Filósofos artificiales: El rostro sintético de la filosofía (el caso Jianwei Xun)

Por: Roberto Pizarro Contreras | 20.04.2025
El “experimento” de Colamedici fue una jugada maestra, un espejo que nos devuelve nuestra propia vanidad y arrogancia: el deseo de una filosofía sin las molestias de la filosofía real, sin (auto)crítica, sin lentitud, sin cuerpo, sin conflicto, sin ver el problema –tecnológico –que denunciamos en nosotros mismos.

Recientemente un sismo intelectual remeció al mundo editorial, especialmente el de la Europa latina. El provocador ensayo Hipnocracia, aclamado, discutido y traducido a varios idiomas, era atribuido al misterioso filósofo chino Jianwei Xun. Sin embargo, se reveló que Xun jamás existió: fue el fruto de una colaboración entre el ensayista italiano Andrea Colamedici y los sistemas de inteligencia artificial (IA) Claude y ChatGPT.
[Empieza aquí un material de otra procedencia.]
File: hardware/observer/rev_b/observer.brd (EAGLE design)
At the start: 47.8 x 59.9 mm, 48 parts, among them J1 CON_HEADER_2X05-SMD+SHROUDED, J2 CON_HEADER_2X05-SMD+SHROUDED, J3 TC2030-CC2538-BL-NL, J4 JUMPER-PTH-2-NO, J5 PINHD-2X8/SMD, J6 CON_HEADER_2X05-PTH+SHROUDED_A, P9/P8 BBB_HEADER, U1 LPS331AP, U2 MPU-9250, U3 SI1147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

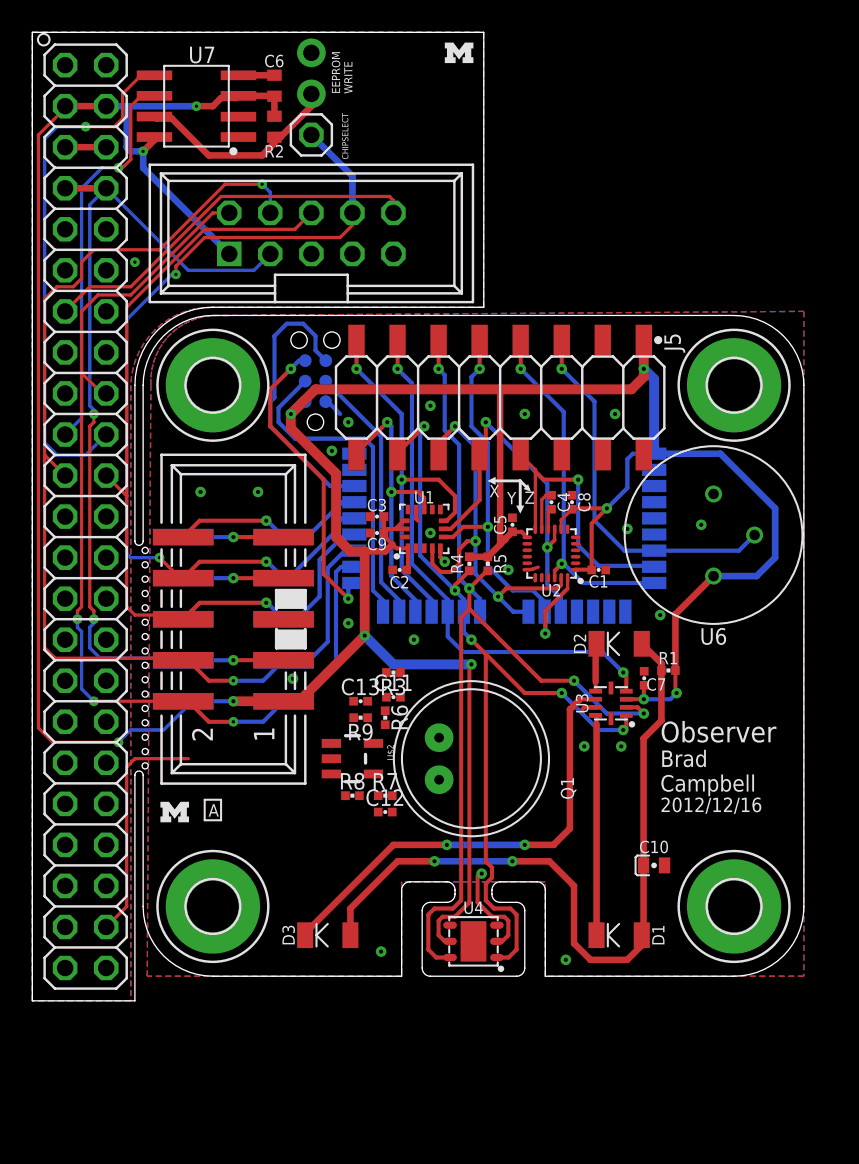
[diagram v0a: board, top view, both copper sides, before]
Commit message: Finished routing, needs to be looked over for correctness
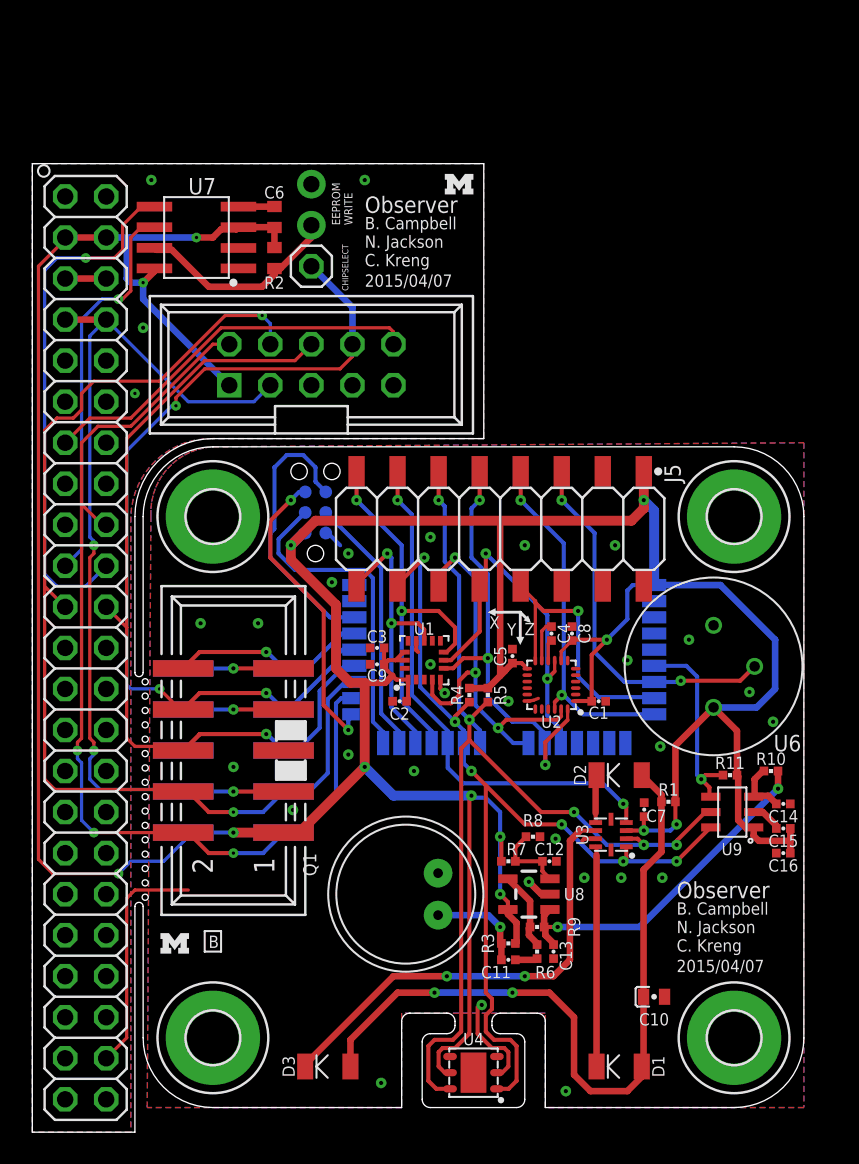
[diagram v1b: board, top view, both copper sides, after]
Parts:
- removed U$2: OPA344, SparkFun-AnalogIC:SOT23-5
- added C14: 470pF, passives:0402_CAP
- added C15: 4.7uF, passives:0402_CAP
- added C16: 0.1uF, passives:0402_CAP
- added R10: 22, passives:0402_RES
- added R11: 5k, passives:0402_RES
- added U8: OPA344, SparkFun-AnalogIC:SOT23-5
- added U9: ADC121C021, observer:ADC121C021
- moved C13 19.6 mm to (32.3, 11.2), turned to 270 degrees
- moved R3 18.2 mm to (29.5, 11.7), turned to 0 degrees
- moved C11 17.7 mm to (29.5, 10.7), turned to 180 degrees
- moved R6 17.3 mm to (31.2, 11.2), turned to 90 degrees
- moved R9 16.9 mm to (31.2, 12.7), turned to 0 degrees
- moved R8 11.5 mm to (31.0, 18.3), turned to 180 degrees
- moved C12 10.6 mm to (32.0, 16.8)
- moved Q1 9.32 mm to (23.1, 14.7), turned to 270 degrees
- moved R7 8.64 mm to (29.5, 16.8), turned to 180 degrees
- moved LOGO2 8.13 mm to (26.4, 58.7)
- moved C9 8.13 mm to (21.3, 29.0)
- moved R4 8.13 mm to (27.1, 27.1)
- moved R5 8.13 mm to (28.2, 27.1)
- moved C10 8.13 mm to (38.5, 8.38)
- moved LOGO1 8.13 mm to (8.81, 11.7)
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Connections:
- new net N$11: C14.1, R10.2, U9.VIN
- net GND: now also C14.2, C15.2, C16.2, U8.2, U9.GND; no longer U$2.2
- net MIC_AIN: now also R10.1, U8.1; no longer U$2.1
- net MIC_INT: now also R11.1, U9.ALRT
- net N$10: now also U8.3; no longer U$2.3
- net N$9: now also U8.4; no longer U$2.4
- net SCL: now also U9.SCL
- net SDA: now also U9.SDA
- net VCC: now also C15.1, C16.1, R11.2, U8.5, U9.VA; no longer U$2.5
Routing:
- net VCC: track 230.3 -> 255.9 mm, vias 11 -> 13
- net MIC_AIN: track 0.00 -> 21.8 mm, vias 0 -> 2
- net MIC_INT: track 0.00 -> 12.2 mm, vias 0 -> 1
- net SDA: track 52.8 -> 59.1 mm, vias 5 -> 6
- net N$1: track 0.00 -> 6.21 mm, vias 0 -> 1
- net SCL: track 59.9 -> 65.0 mm, vias 4 -> 5
- net N$9: track 0.00 -> 4.88 mm
- net N$10: track 0.00 -> 4.74 mm
- net GND: track 35.7 -> 39.3 mm, vias 22 -> 31
- net N$11: track 0.00 -> 3.45 mm
- net N$5: track 0.00 -> 1.38 mm
- net PIR_OUT: vias 1 -> 2
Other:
- board text added: "2015/04/07"
- board text added: "B"
- board text added: "B. Campbell N. Jackson C. Kreng"
- board text removed: "2012/12/16"
- board text removed: "A"
- board text removed: "Brad Campbell"

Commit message: Fixed header on motherboard, added decoupling cap for op amp
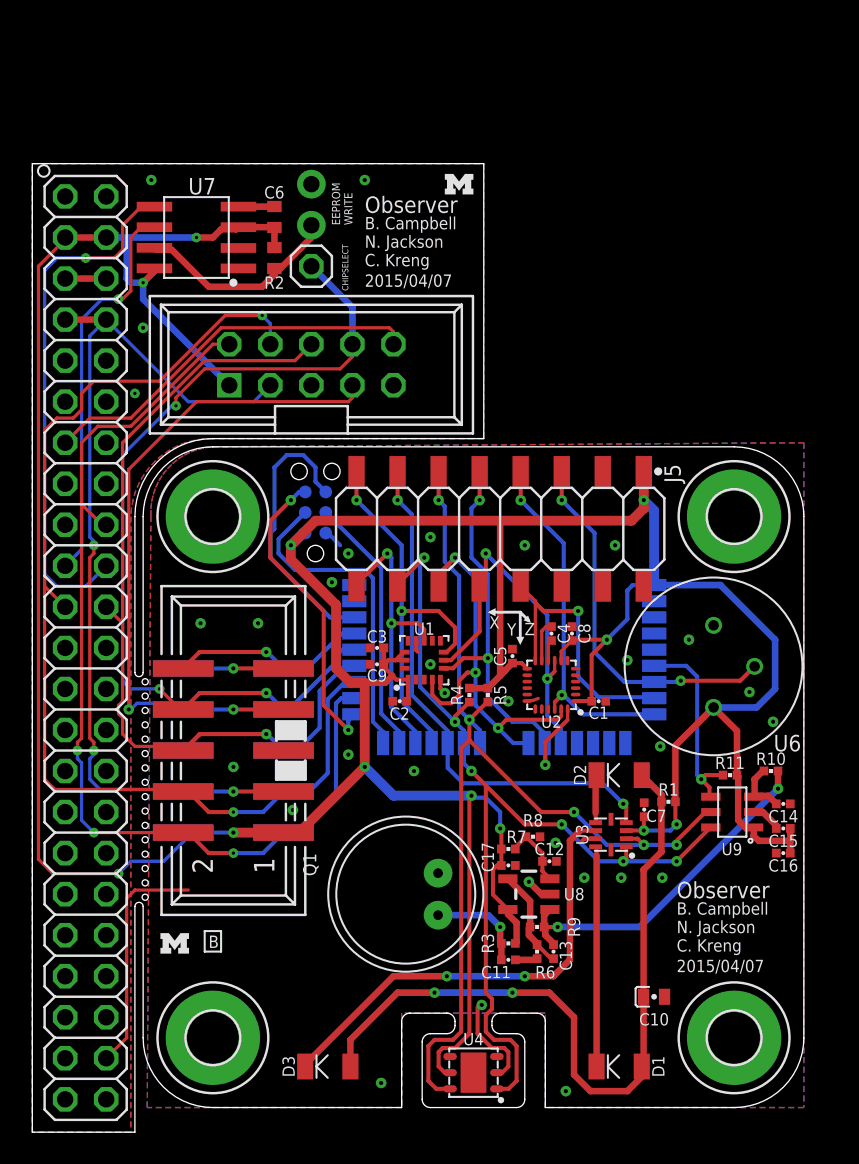
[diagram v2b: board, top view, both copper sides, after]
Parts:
- added C17: 0.1uF, passives:0402_CAP
- moved R7 0.76 mm to (29.5, 17.5)
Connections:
- net !OBSERVER_CS renamed !OBS_CS
- removed net N$119: J6.7
- net BBB_GPIO: now also J6.7
- net GND: now also C17.2
- net N$9: now also C13.2
- net VCC: now also C17.1
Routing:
- net BBB_GPIO: track 6.21 -> 41.2 mm, vias 1 -> 2
- net N$9: track 4.88 -> 6.26 mm
- net VCC: track 255.9 -> 254.9 mm, vias 13 -> 12

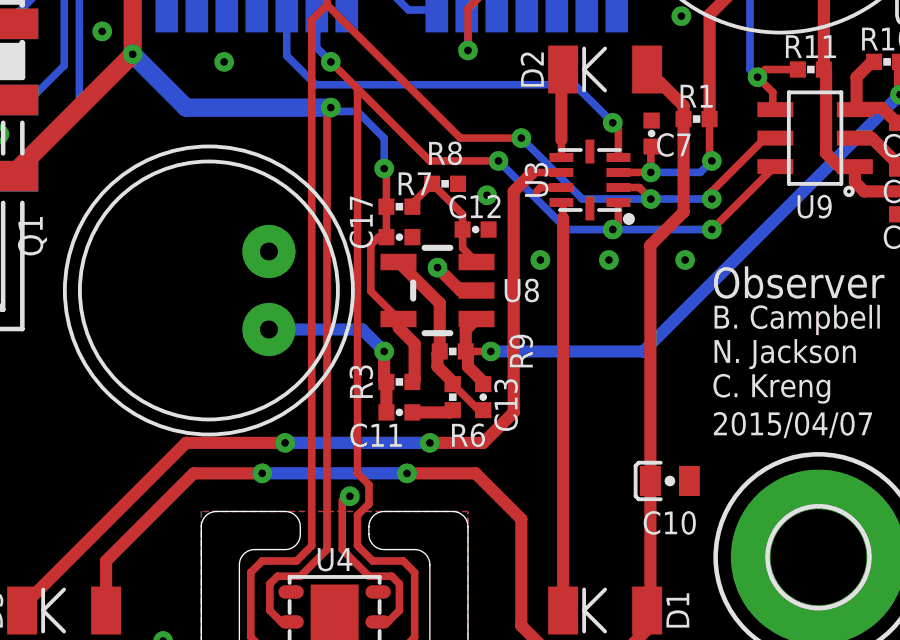
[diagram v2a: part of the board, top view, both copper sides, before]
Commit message: fixed some spacing issues
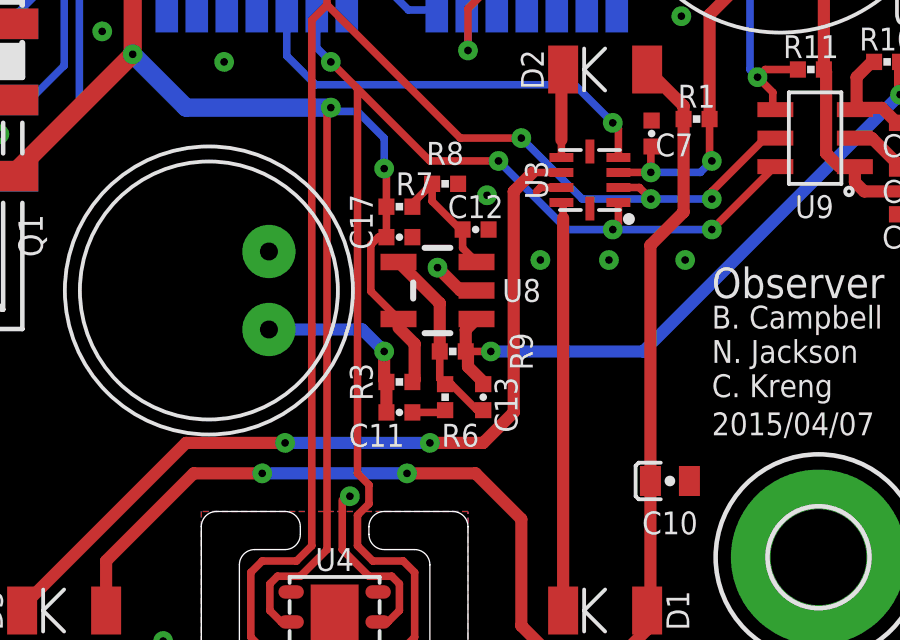
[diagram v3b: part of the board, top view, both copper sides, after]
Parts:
- moved R6 0.25 mm to (31.0, 11.2)
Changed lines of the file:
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@@
 </class>
 </classes>
-<designrules name="sunstone-2lyr_v1.0.0.3 *">
+<designrules name="sunstone-2lyr_v1.0.0.3">
 <description language="en">&lt;b&gt;EAGLE Design Rules for *2* Layer Designs (DS)&lt;/b&gt;
 &lt;p&gt;
@@
 <param name="mdViaViaSameLayer" value="8mil"/>
 <param name="mnLayersViaInSmd" value="2"/>
-<param name="mdCopperDimension" value="10mil"/>
+<param name="mdCopperDimension" value="20mil"/>
 <param name="mdDrill" value="16mil"/>
 <param name="mdSmdStop" value="0mil"/>
@@
 <param name="mlMinCreamFrame" value="0mil"/>
 <param name="mlMaxCreamFrame" value="0mil"/>
-<param name="mlViaStopLimit" value="20mil"/>
+<param name="mlViaStopLimit" value="0mil"/>
 <param name="srRoundness" value="0"/>
 <param name="srMinRoundness" value="0mil"/>
@@
 <attribute name="VALUE" x="29.464" y="12.065" size="1.016" layer="27" font="vector" ratio="12" rot="R180" align="bottom-center"/>
 </element>
-<element name="R6" library="passives" package="0402_RES" value="10k" x="31.242" y="11.176" smashed="yes" rot="R90">
-<attribute name="NAME" x="31.75" y="10.287" size="0.762" layer="25" font="vector" ratio="12" rot="R180" align="bottom-center"/>
-<attribute name="VALUE" x="32.639" y="11.176" size="1.016" layer="27" font="vector" ratio="12" rot="R90" align="bottom-center"/>
+<element name="R6" library="passives" package="0402_RES" value="10k" x="30.988" y="11.176" smashed="yes" rot="R90">
+<attribute name="NAME" x="31.496" y="10.287" size="0.762" layer="25" font="vector" ratio="12" rot="R180" align="bottom-center"/>
+<attribute name="VALUE" x="32.385" y="11.176" size="1.016" layer="27" font="vector" ratio="12" rot="R90" align="bottom-center"/>
 </element>
 <element name="R7" library="passives" package="0402_RES" value="10k" x="29.464" y="17.526" smashed="yes" rot="R180">
@@
 <contactref element="C11" pad="1"/>
 <contactref element="R6" pad="1"/>
-<wire x1="29.89706875" y1="10.668" x2="31.16706875" y2="10.668" width="0.4064" layer="1"/>
-<wire x1="31.16706875" y1="10.668" x2="31.242" y2="10.74293125" width="0.4064" layer="1"/>
+<wire x1="29.89706875" y1="10.668" x2="30.91306875" y2="10.668" width="0.254" layer="1"/>
+<wire x1="30.91306875" y1="10.668" x2="30.988" y2="10.74293125" width="0.254" layer="1"/>
 </signal>
 <signal name="N$9">
@@
 <contactref element="U8" pad="4"/>
 <contactref element="R9" pad="1"/>
-<wire x1="31.242" y1="11.60906875" x2="31.242" y2="11.684" width="0.4064" layer="1"/>
-<wire x1="31.242" y1="11.684" x2="30.734" y2="12.192" width="0.4064" layer="1"/>
-<wire x1="30.734" y1="12.192" x2="30.734" y2="12.62506875" width="0.4064" layer="1"/>
-<wire x1="30.734" y1="12.62506875" x2="30.80893125" y2="12.7" width="0.4064" layer="1"/>
 <wire x1="30.80893125" y1="12.7" x2="30.80893125" y2="14.30696875" width="0.4064" layer="1"/>
 <wire x1="30.80893125" y1="14.30696875" x2="29.4339" y2="15.682" width="0.4064" layer="1"/>
 <contactref element="C13" pad="2"/>
 <wire x1="32.258" y1="10.74293125" x2="32.1081375" y2="10.74293125" width="0.254" layer="1"/>
-<wire x1="32.1081375" y1="10.74293125" x2="31.242" y2="11.60906875" width="0.254" layer="1"/>
+<wire x1="30.80893125" y1="12.7" x2="30.80893125" y2="11.7881375" width="0.254" layer="1"/>
+<wire x1="30.80893125" y1="11.7881375" x2="30.988" y2="11.60906875" width="0.254" layer="1"/>
+<wire x1="30.988" y1="11.60906875" x2="31.18993125" y2="11.60906875" width="0.254" layer="1"/>
+<wire x1="32.258" y1="10.74293125" x2="32.05606875" y2="10.74293125" width="0.254" layer="1"/>
+<wire x1="32.05606875" y1="10.74293125" x2="31.18993125" y2="11.60906875" width="0.254" layer="1"/>
 </signal>
 <signal name="N$10">
@@
 <wire x1="29.89706875" y1="17.6301375" x2="30.55493125" y2="18.288" width="0.254" layer="1"/>
 <wire x1="31.57093125" y1="16.14516875" x2="31.57093125" y2="16.764" width="0.254" layer="1"/>
-<wire x1="31.57093125" y1="16.764" x2="31.57093125" y2="17.272" width="0.254" layer="1"/>
-<wire x1="31.57093125" y1="17.272" x2="30.55493125" y2="18.288" width="0.254" layer="1"/>
+<wire x1="30.55493125" y1="18.288" x2="30.55493125" y2="17.70506875" width="0.254" layer="1"/>
+<wire x1="31.57093125" y1="16.764" x2="31.496" y2="16.764" width="0.254" layer="1"/>
+<wire x1="31.496" y1="16.764" x2="30.55493125" y2="17.70506875" width="0.254" layer="1"/>
 </signal>
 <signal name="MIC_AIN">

Durante semanas, el texto fue celebrado como una obra iluminadora, un análisis incisivo sobre cómo los regímenes contemporáneos nos manipulan a través del poder sugestivo (aletheico) de los algoritmos. Pero el descubrimiento del “autor fantasma” transformó lo que parecía un éxito editorial no solo en un fraude, sino ante todo en una interrogante meta- y proto-filosófica de hondo calado: ¿Qué significa, en este nuevo contexto, filosofar? ¿Qué es, en verdad, ser un filósofo?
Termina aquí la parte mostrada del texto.